● To do: The required output is the lines below from the line containing "golay_type = 32" to the line containing "lnDomain = 16", inclusive, retyped exactly. No other lines belong in it.

Records excerpted from a collection
== == ==

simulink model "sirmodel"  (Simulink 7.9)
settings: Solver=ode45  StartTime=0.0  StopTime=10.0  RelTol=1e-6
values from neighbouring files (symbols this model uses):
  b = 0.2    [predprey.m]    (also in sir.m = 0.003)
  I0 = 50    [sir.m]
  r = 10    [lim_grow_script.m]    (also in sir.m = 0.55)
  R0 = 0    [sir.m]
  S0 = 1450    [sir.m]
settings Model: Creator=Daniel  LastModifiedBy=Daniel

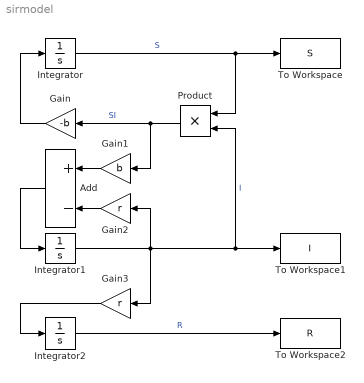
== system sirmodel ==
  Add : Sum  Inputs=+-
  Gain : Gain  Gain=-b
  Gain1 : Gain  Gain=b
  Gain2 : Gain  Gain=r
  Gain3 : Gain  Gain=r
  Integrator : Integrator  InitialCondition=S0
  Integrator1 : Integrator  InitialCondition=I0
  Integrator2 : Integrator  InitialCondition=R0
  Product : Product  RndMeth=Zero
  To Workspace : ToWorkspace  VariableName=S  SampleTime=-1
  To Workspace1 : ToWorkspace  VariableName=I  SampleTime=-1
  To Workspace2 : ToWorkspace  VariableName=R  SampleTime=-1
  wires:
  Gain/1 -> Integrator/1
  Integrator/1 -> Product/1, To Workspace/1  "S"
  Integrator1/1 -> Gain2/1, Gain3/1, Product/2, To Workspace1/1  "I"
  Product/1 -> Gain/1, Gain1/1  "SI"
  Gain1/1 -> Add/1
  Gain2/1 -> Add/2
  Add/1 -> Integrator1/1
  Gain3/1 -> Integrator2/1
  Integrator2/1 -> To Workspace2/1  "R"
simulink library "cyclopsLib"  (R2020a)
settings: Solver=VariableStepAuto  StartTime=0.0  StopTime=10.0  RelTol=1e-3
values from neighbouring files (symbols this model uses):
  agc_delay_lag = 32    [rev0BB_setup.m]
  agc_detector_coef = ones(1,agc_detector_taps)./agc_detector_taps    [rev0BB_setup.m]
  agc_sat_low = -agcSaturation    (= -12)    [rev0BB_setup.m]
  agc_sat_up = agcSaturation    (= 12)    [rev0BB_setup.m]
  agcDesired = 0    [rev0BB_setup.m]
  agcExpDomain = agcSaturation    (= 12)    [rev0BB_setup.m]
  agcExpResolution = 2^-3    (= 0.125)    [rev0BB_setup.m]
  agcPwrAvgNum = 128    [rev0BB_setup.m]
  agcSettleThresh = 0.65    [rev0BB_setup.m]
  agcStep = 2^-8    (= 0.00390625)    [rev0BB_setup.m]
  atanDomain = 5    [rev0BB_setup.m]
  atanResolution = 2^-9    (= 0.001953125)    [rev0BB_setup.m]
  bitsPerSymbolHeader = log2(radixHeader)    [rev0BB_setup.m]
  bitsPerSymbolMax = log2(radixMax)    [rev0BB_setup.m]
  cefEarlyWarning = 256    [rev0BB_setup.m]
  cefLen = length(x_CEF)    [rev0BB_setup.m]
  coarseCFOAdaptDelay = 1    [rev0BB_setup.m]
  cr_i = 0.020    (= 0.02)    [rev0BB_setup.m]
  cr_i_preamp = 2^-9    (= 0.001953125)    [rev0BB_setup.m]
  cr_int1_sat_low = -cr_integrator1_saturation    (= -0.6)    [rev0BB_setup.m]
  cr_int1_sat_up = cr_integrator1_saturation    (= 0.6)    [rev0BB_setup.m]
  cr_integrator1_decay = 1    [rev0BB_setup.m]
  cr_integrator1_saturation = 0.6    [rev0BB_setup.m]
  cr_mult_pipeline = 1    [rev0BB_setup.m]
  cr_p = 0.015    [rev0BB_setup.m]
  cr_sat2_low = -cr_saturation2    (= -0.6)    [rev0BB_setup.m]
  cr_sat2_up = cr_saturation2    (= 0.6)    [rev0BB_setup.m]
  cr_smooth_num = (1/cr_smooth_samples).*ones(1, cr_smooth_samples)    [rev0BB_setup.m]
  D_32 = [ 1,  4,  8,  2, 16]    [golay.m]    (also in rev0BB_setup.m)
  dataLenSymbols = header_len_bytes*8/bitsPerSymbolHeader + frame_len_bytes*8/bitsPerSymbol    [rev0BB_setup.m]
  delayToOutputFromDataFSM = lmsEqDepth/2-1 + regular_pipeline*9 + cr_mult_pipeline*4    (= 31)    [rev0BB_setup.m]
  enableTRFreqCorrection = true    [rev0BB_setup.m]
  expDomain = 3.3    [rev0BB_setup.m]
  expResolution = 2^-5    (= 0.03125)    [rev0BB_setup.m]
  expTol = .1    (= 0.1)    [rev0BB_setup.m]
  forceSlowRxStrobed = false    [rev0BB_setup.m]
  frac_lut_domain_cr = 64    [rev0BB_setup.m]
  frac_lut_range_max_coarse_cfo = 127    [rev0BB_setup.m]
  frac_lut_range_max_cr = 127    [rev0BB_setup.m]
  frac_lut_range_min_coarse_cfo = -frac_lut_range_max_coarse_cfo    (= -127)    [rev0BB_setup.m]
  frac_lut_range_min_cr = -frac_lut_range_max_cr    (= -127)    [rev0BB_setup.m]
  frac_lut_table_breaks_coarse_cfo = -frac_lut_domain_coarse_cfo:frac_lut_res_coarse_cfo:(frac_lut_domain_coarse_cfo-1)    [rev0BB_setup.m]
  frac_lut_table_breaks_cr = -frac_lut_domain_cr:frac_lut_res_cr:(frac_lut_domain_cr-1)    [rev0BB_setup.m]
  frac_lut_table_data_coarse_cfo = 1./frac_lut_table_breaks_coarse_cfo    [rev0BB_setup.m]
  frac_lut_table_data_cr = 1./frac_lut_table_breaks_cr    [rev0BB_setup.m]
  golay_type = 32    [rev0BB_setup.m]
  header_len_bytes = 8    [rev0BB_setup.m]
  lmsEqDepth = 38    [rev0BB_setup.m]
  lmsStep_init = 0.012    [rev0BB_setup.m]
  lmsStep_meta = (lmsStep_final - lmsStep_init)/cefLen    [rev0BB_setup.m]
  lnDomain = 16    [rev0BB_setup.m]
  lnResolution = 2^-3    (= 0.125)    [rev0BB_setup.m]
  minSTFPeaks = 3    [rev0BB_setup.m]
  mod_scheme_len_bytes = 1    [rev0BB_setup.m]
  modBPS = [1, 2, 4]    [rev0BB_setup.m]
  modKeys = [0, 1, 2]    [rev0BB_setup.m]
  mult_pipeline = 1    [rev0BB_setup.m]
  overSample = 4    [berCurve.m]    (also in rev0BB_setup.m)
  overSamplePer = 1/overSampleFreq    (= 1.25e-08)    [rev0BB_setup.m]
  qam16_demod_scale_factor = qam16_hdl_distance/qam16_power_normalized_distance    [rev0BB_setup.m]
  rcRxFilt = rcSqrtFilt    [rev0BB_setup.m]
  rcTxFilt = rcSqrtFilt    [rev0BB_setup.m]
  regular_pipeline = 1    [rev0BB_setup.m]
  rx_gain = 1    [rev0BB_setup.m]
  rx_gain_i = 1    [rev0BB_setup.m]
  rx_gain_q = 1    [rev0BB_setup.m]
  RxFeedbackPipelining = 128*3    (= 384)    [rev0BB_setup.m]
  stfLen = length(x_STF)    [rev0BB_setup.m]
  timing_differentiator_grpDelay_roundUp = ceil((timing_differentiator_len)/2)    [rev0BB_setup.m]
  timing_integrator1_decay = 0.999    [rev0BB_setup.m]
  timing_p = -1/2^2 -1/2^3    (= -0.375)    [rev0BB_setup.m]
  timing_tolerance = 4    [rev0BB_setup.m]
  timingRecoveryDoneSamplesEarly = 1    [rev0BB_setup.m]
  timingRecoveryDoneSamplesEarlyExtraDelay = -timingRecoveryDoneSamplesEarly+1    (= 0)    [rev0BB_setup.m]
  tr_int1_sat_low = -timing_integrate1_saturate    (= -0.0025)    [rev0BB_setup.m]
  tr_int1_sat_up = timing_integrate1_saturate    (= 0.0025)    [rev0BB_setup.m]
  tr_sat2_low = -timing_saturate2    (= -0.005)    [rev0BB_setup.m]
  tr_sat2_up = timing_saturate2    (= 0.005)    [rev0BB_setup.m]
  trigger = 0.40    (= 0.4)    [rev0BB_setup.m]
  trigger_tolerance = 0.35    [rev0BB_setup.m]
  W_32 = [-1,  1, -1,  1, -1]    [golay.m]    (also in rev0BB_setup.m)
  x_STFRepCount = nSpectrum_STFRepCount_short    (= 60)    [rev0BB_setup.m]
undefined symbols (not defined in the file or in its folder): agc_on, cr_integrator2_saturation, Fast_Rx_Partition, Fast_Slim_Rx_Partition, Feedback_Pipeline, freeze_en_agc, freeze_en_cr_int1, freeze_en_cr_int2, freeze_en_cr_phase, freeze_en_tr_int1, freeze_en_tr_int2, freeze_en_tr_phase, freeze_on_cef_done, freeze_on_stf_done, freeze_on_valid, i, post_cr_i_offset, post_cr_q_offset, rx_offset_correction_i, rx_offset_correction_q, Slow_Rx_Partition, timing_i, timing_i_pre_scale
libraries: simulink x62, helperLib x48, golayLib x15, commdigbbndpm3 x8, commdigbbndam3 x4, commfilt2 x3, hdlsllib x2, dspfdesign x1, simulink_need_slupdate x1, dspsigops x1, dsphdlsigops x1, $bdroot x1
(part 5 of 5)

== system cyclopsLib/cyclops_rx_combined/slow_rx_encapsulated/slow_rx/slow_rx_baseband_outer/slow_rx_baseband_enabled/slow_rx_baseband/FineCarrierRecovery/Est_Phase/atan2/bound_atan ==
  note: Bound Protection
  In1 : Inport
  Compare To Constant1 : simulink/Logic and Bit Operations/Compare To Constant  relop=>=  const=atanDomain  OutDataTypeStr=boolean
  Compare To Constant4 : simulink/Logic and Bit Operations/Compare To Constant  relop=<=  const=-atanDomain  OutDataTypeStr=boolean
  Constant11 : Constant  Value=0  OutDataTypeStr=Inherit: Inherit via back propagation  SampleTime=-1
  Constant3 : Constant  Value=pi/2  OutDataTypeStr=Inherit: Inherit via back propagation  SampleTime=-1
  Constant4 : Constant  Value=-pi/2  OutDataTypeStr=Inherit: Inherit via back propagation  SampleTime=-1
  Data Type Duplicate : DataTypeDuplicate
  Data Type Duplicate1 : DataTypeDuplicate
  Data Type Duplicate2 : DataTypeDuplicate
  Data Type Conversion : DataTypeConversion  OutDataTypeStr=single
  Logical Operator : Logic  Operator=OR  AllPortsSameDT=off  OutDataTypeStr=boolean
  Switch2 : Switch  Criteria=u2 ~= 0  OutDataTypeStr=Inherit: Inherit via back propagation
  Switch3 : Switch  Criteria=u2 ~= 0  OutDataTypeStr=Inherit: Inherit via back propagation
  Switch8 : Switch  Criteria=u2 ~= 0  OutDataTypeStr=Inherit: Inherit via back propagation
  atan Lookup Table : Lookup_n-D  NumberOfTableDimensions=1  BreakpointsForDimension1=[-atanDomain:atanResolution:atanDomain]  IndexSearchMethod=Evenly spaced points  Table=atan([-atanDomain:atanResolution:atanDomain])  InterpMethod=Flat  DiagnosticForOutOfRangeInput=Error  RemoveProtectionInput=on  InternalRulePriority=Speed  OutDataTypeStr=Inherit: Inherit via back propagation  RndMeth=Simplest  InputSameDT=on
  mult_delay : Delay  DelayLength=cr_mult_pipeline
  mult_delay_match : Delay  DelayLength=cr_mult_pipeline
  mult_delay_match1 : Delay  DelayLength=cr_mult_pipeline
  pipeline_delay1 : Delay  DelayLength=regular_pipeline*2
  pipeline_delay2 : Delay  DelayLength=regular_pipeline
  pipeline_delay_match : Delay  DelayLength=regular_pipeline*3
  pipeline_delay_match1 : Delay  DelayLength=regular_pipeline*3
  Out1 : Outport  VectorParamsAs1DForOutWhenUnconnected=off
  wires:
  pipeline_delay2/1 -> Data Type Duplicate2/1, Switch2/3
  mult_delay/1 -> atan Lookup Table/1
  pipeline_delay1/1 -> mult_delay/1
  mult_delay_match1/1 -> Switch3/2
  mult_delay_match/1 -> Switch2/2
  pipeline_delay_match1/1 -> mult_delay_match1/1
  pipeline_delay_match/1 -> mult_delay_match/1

== == ==

● Written solution:
  golay_type = 32    [rev0BB_setup.m]
  header_len_bytes = 8    [rev0BB_setup.m]
  lmsEqDepth = 38    [rev0BB_setup.m]
  lmsStep_init = 0.012    [rev0BB_setup.m]
  lmsStep_meta = (lmsStep_final - lmsStep_init)/cefLen    [rev0BB_setup.m]
  lnDomain = 16    [rev0BB_setup.m]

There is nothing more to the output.